> **What is required**
The lines from the top of the material through the line with "line L11 (48, -20) -> (46, -20)" are to be set down exactly. Leave the pictures out.

○ ○ ○ ○ ○

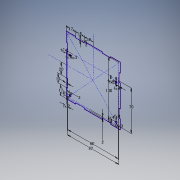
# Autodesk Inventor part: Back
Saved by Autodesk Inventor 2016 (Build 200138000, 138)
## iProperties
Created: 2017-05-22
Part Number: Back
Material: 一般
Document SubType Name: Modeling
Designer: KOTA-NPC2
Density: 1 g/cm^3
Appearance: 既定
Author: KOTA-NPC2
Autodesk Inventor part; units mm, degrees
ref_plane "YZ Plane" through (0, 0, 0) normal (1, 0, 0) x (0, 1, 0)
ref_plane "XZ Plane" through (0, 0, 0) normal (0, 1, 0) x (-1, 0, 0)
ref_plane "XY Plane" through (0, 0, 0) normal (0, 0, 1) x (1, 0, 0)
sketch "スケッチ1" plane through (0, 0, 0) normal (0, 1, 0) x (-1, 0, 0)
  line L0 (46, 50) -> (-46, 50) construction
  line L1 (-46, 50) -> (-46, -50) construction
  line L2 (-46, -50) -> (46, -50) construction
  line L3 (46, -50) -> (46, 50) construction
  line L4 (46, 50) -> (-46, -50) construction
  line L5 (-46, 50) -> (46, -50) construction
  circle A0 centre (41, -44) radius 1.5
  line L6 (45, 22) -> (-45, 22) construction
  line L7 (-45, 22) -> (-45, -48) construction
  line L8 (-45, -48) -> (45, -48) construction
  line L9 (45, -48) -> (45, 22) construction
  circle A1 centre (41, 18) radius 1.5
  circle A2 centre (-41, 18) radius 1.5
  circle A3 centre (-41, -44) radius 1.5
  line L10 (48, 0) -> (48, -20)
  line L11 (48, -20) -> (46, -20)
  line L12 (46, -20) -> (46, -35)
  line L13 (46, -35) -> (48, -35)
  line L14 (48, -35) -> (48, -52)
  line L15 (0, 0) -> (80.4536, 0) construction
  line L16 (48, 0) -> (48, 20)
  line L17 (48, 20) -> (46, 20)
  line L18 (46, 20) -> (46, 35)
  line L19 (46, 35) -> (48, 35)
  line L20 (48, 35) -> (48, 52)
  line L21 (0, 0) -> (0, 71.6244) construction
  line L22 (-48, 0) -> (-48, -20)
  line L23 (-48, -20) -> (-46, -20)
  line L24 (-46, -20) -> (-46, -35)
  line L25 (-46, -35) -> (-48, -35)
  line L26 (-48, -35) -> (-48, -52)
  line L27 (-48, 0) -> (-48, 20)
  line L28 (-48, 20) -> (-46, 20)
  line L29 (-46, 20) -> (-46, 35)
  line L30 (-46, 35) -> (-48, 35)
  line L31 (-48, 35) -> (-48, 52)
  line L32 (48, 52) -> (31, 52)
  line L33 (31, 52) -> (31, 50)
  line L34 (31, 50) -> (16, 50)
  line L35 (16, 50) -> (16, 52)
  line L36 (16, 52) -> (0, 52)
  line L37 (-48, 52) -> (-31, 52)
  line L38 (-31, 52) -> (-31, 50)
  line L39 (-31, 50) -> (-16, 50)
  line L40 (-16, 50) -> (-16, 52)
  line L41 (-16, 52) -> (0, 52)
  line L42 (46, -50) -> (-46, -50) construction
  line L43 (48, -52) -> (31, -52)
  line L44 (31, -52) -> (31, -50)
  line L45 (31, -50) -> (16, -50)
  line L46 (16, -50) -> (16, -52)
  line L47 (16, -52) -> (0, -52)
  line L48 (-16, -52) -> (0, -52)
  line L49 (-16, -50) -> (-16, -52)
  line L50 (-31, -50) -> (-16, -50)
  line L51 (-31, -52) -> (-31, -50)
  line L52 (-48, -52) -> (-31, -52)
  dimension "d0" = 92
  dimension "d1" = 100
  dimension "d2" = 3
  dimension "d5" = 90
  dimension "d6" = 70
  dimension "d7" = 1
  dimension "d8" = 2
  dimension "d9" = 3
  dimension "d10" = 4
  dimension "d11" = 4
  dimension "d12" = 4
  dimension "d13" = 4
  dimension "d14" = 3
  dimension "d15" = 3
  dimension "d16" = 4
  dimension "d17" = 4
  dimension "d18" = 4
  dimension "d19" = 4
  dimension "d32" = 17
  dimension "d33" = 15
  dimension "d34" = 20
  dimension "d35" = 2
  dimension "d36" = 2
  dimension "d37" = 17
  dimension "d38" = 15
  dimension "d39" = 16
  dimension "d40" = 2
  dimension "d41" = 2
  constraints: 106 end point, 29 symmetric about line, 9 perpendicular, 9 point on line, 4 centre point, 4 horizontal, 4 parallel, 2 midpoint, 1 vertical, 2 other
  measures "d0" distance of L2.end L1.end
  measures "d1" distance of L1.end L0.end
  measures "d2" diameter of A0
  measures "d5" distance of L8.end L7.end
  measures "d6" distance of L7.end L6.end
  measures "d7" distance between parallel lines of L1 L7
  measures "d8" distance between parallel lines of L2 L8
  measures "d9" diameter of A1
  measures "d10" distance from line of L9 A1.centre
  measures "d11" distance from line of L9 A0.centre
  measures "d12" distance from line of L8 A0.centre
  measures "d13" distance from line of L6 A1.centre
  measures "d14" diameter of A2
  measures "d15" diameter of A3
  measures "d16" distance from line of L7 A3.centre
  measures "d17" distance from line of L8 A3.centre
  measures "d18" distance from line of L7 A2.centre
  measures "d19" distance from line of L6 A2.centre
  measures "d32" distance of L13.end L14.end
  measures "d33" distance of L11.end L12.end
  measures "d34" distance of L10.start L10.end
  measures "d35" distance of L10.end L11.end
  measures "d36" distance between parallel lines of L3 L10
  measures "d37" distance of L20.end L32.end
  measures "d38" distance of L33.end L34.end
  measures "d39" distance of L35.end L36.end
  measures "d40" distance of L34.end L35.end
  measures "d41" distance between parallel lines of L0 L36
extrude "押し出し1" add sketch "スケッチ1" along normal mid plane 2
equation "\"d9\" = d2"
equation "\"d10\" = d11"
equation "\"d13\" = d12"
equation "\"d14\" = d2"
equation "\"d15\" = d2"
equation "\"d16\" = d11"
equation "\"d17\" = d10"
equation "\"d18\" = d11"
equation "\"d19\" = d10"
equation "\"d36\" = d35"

○ ○ ○ ○ ○

> **Task output**
# Autodesk Inventor part: Back
Saved by Autodesk Inventor 2016 (Build 200138000, 138)
## iProperties
Created: 2017-05-22
Part Number: Back
Material: 一般
Document SubType Name: Modeling
Designer: KOTA-NPC2
Density: 1 g/cm^3
Appearance: 既定
Author: KOTA-NPC2
Autodesk Inventor part; units mm, degrees
ref_plane "YZ Plane" through (0, 0, 0) normal (1, 0, 0) x (0, 1, 0)
ref_plane "XZ Plane" through (0, 0, 0) normal (0, 1, 0) x (-1, 0, 0)
ref_plane "XY Plane" through (0, 0, 0) normal (0, 0, 1) x (1, 0, 0)
sketch "スケッチ1" plane through (0, 0, 0) normal (0, 1, 0) x (-1, 0, 0)
  line L0 (46, 50) -> (-46, 50) construction
  line L1 (-46, 50) -> (-46, -50) construction
  line L2 (-46, -50) -> (46, -50) construction
  line L3 (46, -50) -> (46, 50) construction
  line L4 (46, 50) -> (-46, -50) construction
  line L5 (-46, 50) -> (46, -50) construction
  circle A0 centre (41, -44) radius 1.5
  line L6 (45, 22) -> (-45, 22) construction
  line L7 (-45, 22) -> (-45, -48) construction
  line L8 (-45, -48) -> (45, -48) construction
  line L9 (45, -48) -> (45, 22) construction
  circle A1 centre (41, 18) radius 1.5
  circle A2 centre (-41, 18) radius 1.5
  circle A3 centre (-41, -44) radius 1.5
  line L10 (48, 0) -> (48, -20)
  line L11 (48, -20) -> (46, -20)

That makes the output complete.